== Segment start ==

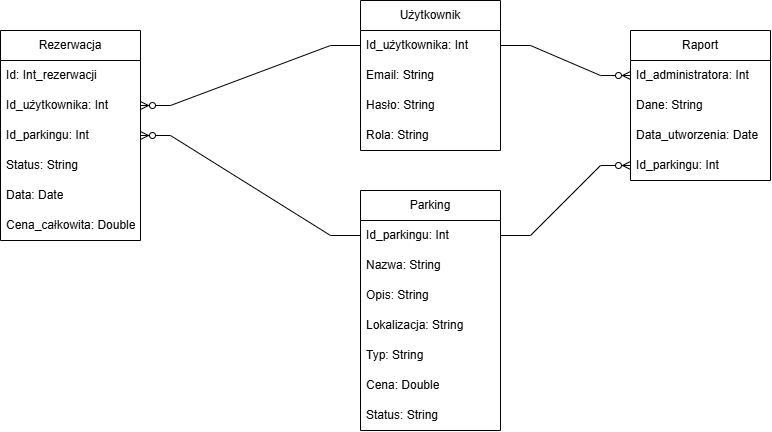

The diagram above was exported from draw.io. Its source (the exported page's mxGraphModel, read from the mxfile embedded in the PNG):
<mxGraphModel dx="721" dy="337" grid="1" gridSize="10" guides="1" tooltips="1" connect="1" arrows="1" fold="1" page="1" pageScale="1" pageWidth="827" pageHeight="1169" math="0" shadow="0">
  <root>
    <mxCell id="WIyWlLk6GJQsqaUBKTNV-0" />
    <mxCell id="WIyWlLk6GJQsqaUBKTNV-1" parent="WIyWlLk6GJQsqaUBKTNV-0" />
    <mxCell id="_XPDxGPMFKZot-SwKmUB-8" parent="WIyWlLk6GJQsqaUBKTNV-1" style="swimlane;fontStyle=0;childLayout=stackLayout;horizontal=1;startSize=30;horizontalStack=0;resizeParent=1;resizeParentMax=0;resizeLast=0;collapsible=1;marginBottom=0;whiteSpace=wrap;html=1;" value="Użytkownik" vertex="1">
      <mxGeometry height="150" width="140" x="390" y="40" as="geometry" />
    </mxCell>
    <mxCell id="_XPDxGPMFKZot-SwKmUB-9" parent="_XPDxGPMFKZot-SwKmUB-8" style="text;strokeColor=none;fillColor=none;align=left;verticalAlign=middle;spacingLeft=4;spacingRight=4;overflow=hidden;points=[[0,0.5],[1,0.5]];portConstraint=eastwest;rotatable=0;whiteSpace=wrap;html=1;" value="Id_użytkownika: Int" vertex="1">
      <mxGeometry height="30" width="140" y="30" as="geometry" />
    </mxCell>
    <mxCell id="_XPDxGPMFKZot-SwKmUB-10" parent="_XPDxGPMFKZot-SwKmUB-8" style="text;strokeColor=none;fillColor=none;align=left;verticalAlign=middle;spacingLeft=4;spacingRight=4;overflow=hidden;points=[[0,0.5],[1,0.5]];portConstraint=eastwest;rotatable=0;whiteSpace=wrap;html=1;" value="Email: String" vertex="1">
      <mxGeometry height="30" width="140" y="60" as="geometry" />
    </mxCell>
    <mxCell id="_XPDxGPMFKZot-SwKmUB-11" parent="_XPDxGPMFKZot-SwKmUB-8" style="text;strokeColor=none;fillColor=none;align=left;verticalAlign=middle;spacingLeft=4;spacingRight=4;overflow=hidden;points=[[0,0.5],[1,0.5]];portConstraint=eastwest;rotatable=0;whiteSpace=wrap;html=1;" value="Hasło: String" vertex="1">
      <mxGeometry height="30" width="140" y="90" as="geometry" />
    </mxCell>
    <mxCell id="_XPDxGPMFKZot-SwKmUB-12" parent="_XPDxGPMFKZot-SwKmUB-8" style="text;strokeColor=none;fillColor=none;align=left;verticalAlign=middle;spacingLeft=4;spacingRight=4;overflow=hidden;points=[[0,0.5],[1,0.5]];portConstraint=eastwest;rotatable=0;whiteSpace=wrap;html=1;" value="Rola: String" vertex="1">
      <mxGeometry height="30" width="140" y="120" as="geometry" />
    </mxCell>
    <mxCell id="_XPDxGPMFKZot-SwKmUB-13" parent="WIyWlLk6GJQsqaUBKTNV-1" style="swimlane;fontStyle=0;childLayout=stackLayout;horizontal=1;startSize=30;horizontalStack=0;resizeParent=1;resizeParentMax=0;resizeLast=0;collapsible=1;marginBottom=0;whiteSpace=wrap;html=1;" value="Parking" vertex="1">
      <mxGeometry height="240" width="140" x="390" y="230" as="geometry" />
    </mxCell>
    <mxCell id="_XPDxGPMFKZot-SwKmUB-14" parent="_XPDxGPMFKZot-SwKmUB-13" style="text;strokeColor=none;fillColor=none;align=left;verticalAlign=middle;spacingLeft=4;spacingRight=4;overflow=hidden;points=[[0,0.5],[1,0.5]];portConstraint=eastwest;rotatable=0;whiteSpace=wrap;html=1;" value="Id_parkingu: Int" vertex="1">
      <mxGeometry height="30" width="140" y="30" as="geometry" />
    </mxCell>
    <mxCell id="_XPDxGPMFKZot-SwKmUB-31" parent="_XPDxGPMFKZot-SwKmUB-13" style="text;strokeColor=none;fillColor=none;align=left;verticalAlign=middle;spacingLeft=4;spacingRight=4;overflow=hidden;points=[[0,0.5],[1,0.5]];portConstraint=eastwest;rotatable=0;whiteSpace=wrap;html=1;" value="Nazwa: String" vertex="1">
      <mxGeometry height="30" width="140" y="60" as="geometry" />
    </mxCell>
    <mxCell id="_XPDxGPMFKZot-SwKmUB-32" parent="_XPDxGPMFKZot-SwKmUB-13" style="text;strokeColor=none;fillColor=none;align=left;verticalAlign=middle;spacingLeft=4;spacingRight=4;overflow=hidden;points=[[0,0.5],[1,0.5]];portConstraint=eastwest;rotatable=0;whiteSpace=wrap;html=1;" value="Opis: String" vertex="1">
      <mxGeometry height="30" width="140" y="90" as="geometry" />
    </mxCell>
    <mxCell id="_XPDxGPMFKZot-SwKmUB-15" parent="_XPDxGPMFKZot-SwKmUB-13" style="text;strokeColor=none;fillColor=none;align=left;verticalAlign=middle;spacingLeft=4;spacingRight=4;overflow=hidden;points=[[0,0.5],[1,0.5]];portConstraint=eastwest;rotatable=0;whiteSpace=wrap;html=1;" value="Lokalizacja: String" vertex="1">
      <mxGeometry height="30" width="140" y="120" as="geometry" />
    </mxCell>
    <mxCell id="_XPDxGPMFKZot-SwKmUB-16" parent="_XPDxGPMFKZot-SwKmUB-13" style="text;strokeColor=none;fillColor=none;align=left;verticalAlign=middle;spacingLeft=4;spacingRight=4;overflow=hidden;points=[[0,0.5],[1,0.5]];portConstraint=eastwest;rotatable=0;whiteSpace=wrap;html=1;" value="Typ: String" vertex="1">
      <mxGeometry height="30" width="140" y="150" as="geometry" />
    </mxCell>
    <mxCell id="_XPDxGPMFKZot-SwKmUB-17" parent="_XPDxGPMFKZot-SwKmUB-13" style="text;strokeColor=none;fillColor=none;align=left;verticalAlign=middle;spacingLeft=4;spacingRight=4;overflow=hidden;points=[[0,0.5],[1,0.5]];portConstraint=eastwest;rotatable=0;whiteSpace=wrap;html=1;" value="Cena: Double" vertex="1">
      <mxGeometry height="30" width="140" y="180" as="geometry" />
    </mxCell>
    <mxCell id="_XPDxGPMFKZot-SwKmUB-33" parent="_XPDxGPMFKZot-SwKmUB-13" style="text;strokeColor=none;fillColor=none;align=left;verticalAlign=middle;spacingLeft=4;spacingRight=4;overflow=hidden;points=[[0,0.5],[1,0.5]];portConstraint=eastwest;rotatable=0;whiteSpace=wrap;html=1;" value="Status: String" vertex="1">
      <mxGeometry height="30" width="140" y="210" as="geometry" />
    </mxCell>
    <mxCell id="_XPDxGPMFKZot-SwKmUB-19" parent="WIyWlLk6GJQsqaUBKTNV-1" style="swimlane;fontStyle=0;childLayout=stackLayout;horizontal=1;startSize=30;horizontalStack=0;resizeParent=1;resizeParentMax=0;resizeLast=0;collapsible=1;marginBottom=0;whiteSpace=wrap;html=1;" value="Rezerwacja" vertex="1">
      <mxGeometry height="210" width="140" x="30" y="70" as="geometry" />
    </mxCell>
    <mxCell id="_XPDxGPMFKZot-SwKmUB-20" parent="_XPDxGPMFKZot-SwKmUB-19" style="text;strokeColor=none;fillColor=none;align=left;verticalAlign=middle;spacingLeft=4;spacingRight=4;overflow=hidden;points=[[0,0.5],[1,0.5]];portConstraint=eastwest;rotatable=0;whiteSpace=wrap;html=1;" value="Id: Int_rezerwacji" vertex="1">
      <mxGeometry height="30" width="140" y="30" as="geometry" />
    </mxCell>
    <mxCell id="_XPDxGPMFKZot-SwKmUB-21" parent="_XPDxGPMFKZot-SwKmUB-19" style="text;strokeColor=none;fillColor=none;align=left;verticalAlign=middle;spacingLeft=4;spacingRight=4;overflow=hidden;points=[[0,0.5],[1,0.5]];portConstraint=eastwest;rotatable=0;whiteSpace=wrap;html=1;" value="Id_użytkownika: Int" vertex="1">
      <mxGeometry height="30" width="140" y="60" as="geometry" />
    </mxCell>
    <mxCell id="_XPDxGPMFKZot-SwKmUB-22" parent="_XPDxGPMFKZot-SwKmUB-19" style="text;strokeColor=none;fillColor=none;align=left;verticalAlign=middle;spacingLeft=4;spacingRight=4;overflow=hidden;points=[[0,0.5],[1,0.5]];portConstraint=eastwest;rotatable=0;whiteSpace=wrap;html=1;" value="Id_parkingu: Int" vertex="1">
      <mxGeometry height="30" width="140" y="90" as="geometry" />
    </mxCell>
    <mxCell id="_XPDxGPMFKZot-SwKmUB-23" parent="_XPDxGPMFKZot-SwKmUB-19" style="text;strokeColor=none;fillColor=none;align=left;verticalAlign=middle;spacingLeft=4;spacingRight=4;overflow=hidden;points=[[0,0.5],[1,0.5]];portConstraint=eastwest;rotatable=0;whiteSpace=wrap;html=1;" value="Status: String" vertex="1">
      <mxGeometry height="30" width="140" y="120" as="geometry" />
    </mxCell>
    <mxCell id="_XPDxGPMFKZot-SwKmUB-24" parent="_XPDxGPMFKZot-SwKmUB-19" style="text;strokeColor=none;fillColor=none;align=left;verticalAlign=middle;spacingLeft=4;spacingRight=4;overflow=hidden;points=[[0,0.5],[1,0.5]];portConstraint=eastwest;rotatable=0;whiteSpace=wrap;html=1;" value="Data: Date" vertex="1">
      <mxGeometry height="30" width="140" y="150" as="geometry" />
    </mxCell>
    <mxCell id="_XPDxGPMFKZot-SwKmUB-30" parent="_XPDxGPMFKZot-SwKmUB-19" style="text;strokeColor=none;fillColor=none;align=left;verticalAlign=middle;spacingLeft=4;spacingRight=4;overflow=hidden;points=[[0,0.5],[1,0.5]];portConstraint=eastwest;rotatable=0;whiteSpace=wrap;html=1;" value="Cena_całkowita: Double" vertex="1">
      <mxGeometry height="30" width="140" y="180" as="geometry" />
    </mxCell>
    <mxCell id="_XPDxGPMFKZot-SwKmUB-26" parent="WIyWlLk6GJQsqaUBKTNV-1" style="swimlane;fontStyle=0;childLayout=stackLayout;horizontal=1;startSize=30;horizontalStack=0;resizeParent=1;resizeParentMax=0;resizeLast=0;collapsible=1;marginBottom=0;whiteSpace=wrap;html=1;" value="Raport" vertex="1">
      <mxGeometry height="150" width="140" x="660" y="70" as="geometry" />
    </mxCell>
    <mxCell id="_XPDxGPMFKZot-SwKmUB-27" parent="_XPDxGPMFKZot-SwKmUB-26" style="text;strokeColor=none;fillColor=none;align=left;verticalAlign=middle;spacingLeft=4;spacingRight=4;overflow=hidden;points=[[0,0.5],[1,0.5]];portConstraint=eastwest;rotatable=0;whiteSpace=wrap;html=1;" value="Id_administratora: Int" vertex="1">
      <mxGeometry height="30" width="140" y="30" as="geometry" />
    </mxCell>
    <mxCell id="_XPDxGPMFKZot-SwKmUB-28" parent="_XPDxGPMFKZot-SwKmUB-26" style="text;strokeColor=none;fillColor=none;align=left;verticalAlign=middle;spacingLeft=4;spacingRight=4;overflow=hidden;points=[[0,0.5],[1,0.5]];portConstraint=eastwest;rotatable=0;whiteSpace=wrap;html=1;" value="Dane: String" vertex="1">
      <mxGeometry height="30" width="140" y="60" as="geometry" />
    </mxCell>
    <mxCell id="_XPDxGPMFKZot-SwKmUB-29" parent="_XPDxGPMFKZot-SwKmUB-26" style="text;strokeColor=none;fillColor=none;align=left;verticalAlign=middle;spacingLeft=4;spacingRight=4;overflow=hidden;points=[[0,0.5],[1,0.5]];portConstraint=eastwest;rotatable=0;whiteSpace=wrap;html=1;" value="Data_utworzenia: Date" vertex="1">
      <mxGeometry height="30" width="140" y="90" as="geometry" />
    </mxCell>
    <mxCell id="_XPDxGPMFKZot-SwKmUB-47" parent="_XPDxGPMFKZot-SwKmUB-26" style="text;strokeColor=none;fillColor=none;align=left;verticalAlign=middle;spacingLeft=4;spacingRight=4;overflow=hidden;points=[[0,0.5],[1,0.5]];portConstraint=eastwest;rotatable=0;whiteSpace=wrap;html=1;" value="Id_parkingu: Int" vertex="1">
      <mxGeometry height="30" width="140" y="120" as="geometry" />
    </mxCell>
    <mxCell id="_XPDxGPMFKZot-SwKmUB-45" edge="1" parent="WIyWlLk6GJQsqaUBKTNV-1" source="_XPDxGPMFKZot-SwKmUB-9" style="edgeStyle=entityRelationEdgeStyle;fontSize=12;html=1;endArrow=ERzeroToMany;endFill=1;rounded=0;entryX=1;entryY=0.5;entryDx=0;entryDy=0;exitX=0;exitY=0.5;exitDx=0;exitDy=0;" target="_XPDxGPMFKZot-SwKmUB-21" value="">
      <mxGeometry height="100" relative="1" width="100" as="geometry">
        <mxPoint x="280" y="90" as="sourcePoint" />
        <mxPoint x="380" y="-10" as="targetPoint" />
      </mxGeometry>
    </mxCell>
    <mxCell id="_XPDxGPMFKZot-SwKmUB-46" edge="1" parent="WIyWlLk6GJQsqaUBKTNV-1" source="_XPDxGPMFKZot-SwKmUB-14" style="edgeStyle=entityRelationEdgeStyle;fontSize=12;html=1;endArrow=ERzeroToMany;endFill=1;rounded=0;exitX=0;exitY=0.5;exitDx=0;exitDy=0;entryX=1;entryY=0.5;entryDx=0;entryDy=0;" target="_XPDxGPMFKZot-SwKmUB-22" value="">
      <mxGeometry height="100" relative="1" width="100" as="geometry">
        <mxPoint x="230" y="300" as="sourcePoint" />
        <mxPoint x="330" y="200" as="targetPoint" />
      </mxGeometry>
    </mxCell>
    <mxCell id="_XPDxGPMFKZot-SwKmUB-48" edge="1" parent="WIyWlLk6GJQsqaUBKTNV-1" source="_XPDxGPMFKZot-SwKmUB-9" style="edgeStyle=entityRelationEdgeStyle;fontSize=12;html=1;endArrow=ERzeroToMany;endFill=1;rounded=0;exitX=1;exitY=0.5;exitDx=0;exitDy=0;entryX=0;entryY=0.5;entryDx=0;entryDy=0;" target="_XPDxGPMFKZot-SwKmUB-27" value="">
      <mxGeometry height="100" relative="1" width="100" as="geometry">
        <mxPoint x="570" y="130" as="sourcePoint" />
        <mxPoint x="670" y="30" as="targetPoint" />
      </mxGeometry>
    </mxCell>
    <mxCell id="_XPDxGPMFKZot-SwKmUB-49" edge="1" parent="WIyWlLk6GJQsqaUBKTNV-1" source="_XPDxGPMFKZot-SwKmUB-14" style="edgeStyle=entityRelationEdgeStyle;fontSize=12;html=1;endArrow=ERzeroToMany;endFill=1;rounded=0;entryX=0;entryY=0.5;entryDx=0;entryDy=0;exitX=1;exitY=0.5;exitDx=0;exitDy=0;" target="_XPDxGPMFKZot-SwKmUB-47" value="">
      <mxGeometry height="100" relative="1" width="100" as="geometry">
        <mxPoint x="360" y="310" as="sourcePoint" />
        <mxPoint x="460" y="210" as="targetPoint" />
      </mxGeometry>
    </mxCell>
  </root>
</mxGraphModel>

== Segment end ==

:: YOUR OBJECTIVE ::
Please show all lines from the entries that contain the word "marginBottom".

:: RESPONSE AREA ::
    <mxCell id="_XPDxGPMFKZot-SwKmUB-8" parent="WIyWlLk6GJQsqaUBKTNV-1" style="swimlane;fontStyle=0;childLayout=stackLayout;horizontal=1;startSize=30;horizontalStack=0;resizeParent=1;resizeParentMax=0;resizeLast=0;collapsible=1;marginBottom=0;whiteSpace=wrap;html=1;" value="Użytkownik" vertex="1">
    <mxCell id="_XPDxGPMFKZot-SwKmUB-13" parent="WIyWlLk6GJQsqaUBKTNV-1" style="swimlane;fontStyle=0;childLayout=stackLayout;horizontal=1;startSize=30;horizontalStack=0;resizeParent=1;resizeParentMax=0;resizeLast=0;collapsible=1;marginBottom=0;whiteSpace=wrap;html=1;" value="Parking" vertex="1">
    <mxCell id="_XPDxGPMFKZot-SwKmUB-19" parent="WIyWlLk6GJQsqaUBKTNV-1" style="swimlane;fontStyle=0;childLayout=stackLayout;horizontal=1;startSize=30;horizontalStack=0;resizeParent=1;resizeParentMax=0;resizeLast=0;collapsible=1;marginBottom=0;whiteSpace=wrap;html=1;" value="Rezerwacja" vertex="1">
    <mxCell id="_XPDxGPMFKZot-SwKmUB-26" parent="WIyWlLk6GJQsqaUBKTNV-1" style="swimlane;fontStyle=0;childLayout=stackLayout;horizontal=1;startSize=30;horizontalStack=0;resizeParent=1;resizeParentMax=0;resizeLast=0;collapsible=1;marginBottom=0;whiteSpace=wrap;html=1;" value="Raport" vertex="1">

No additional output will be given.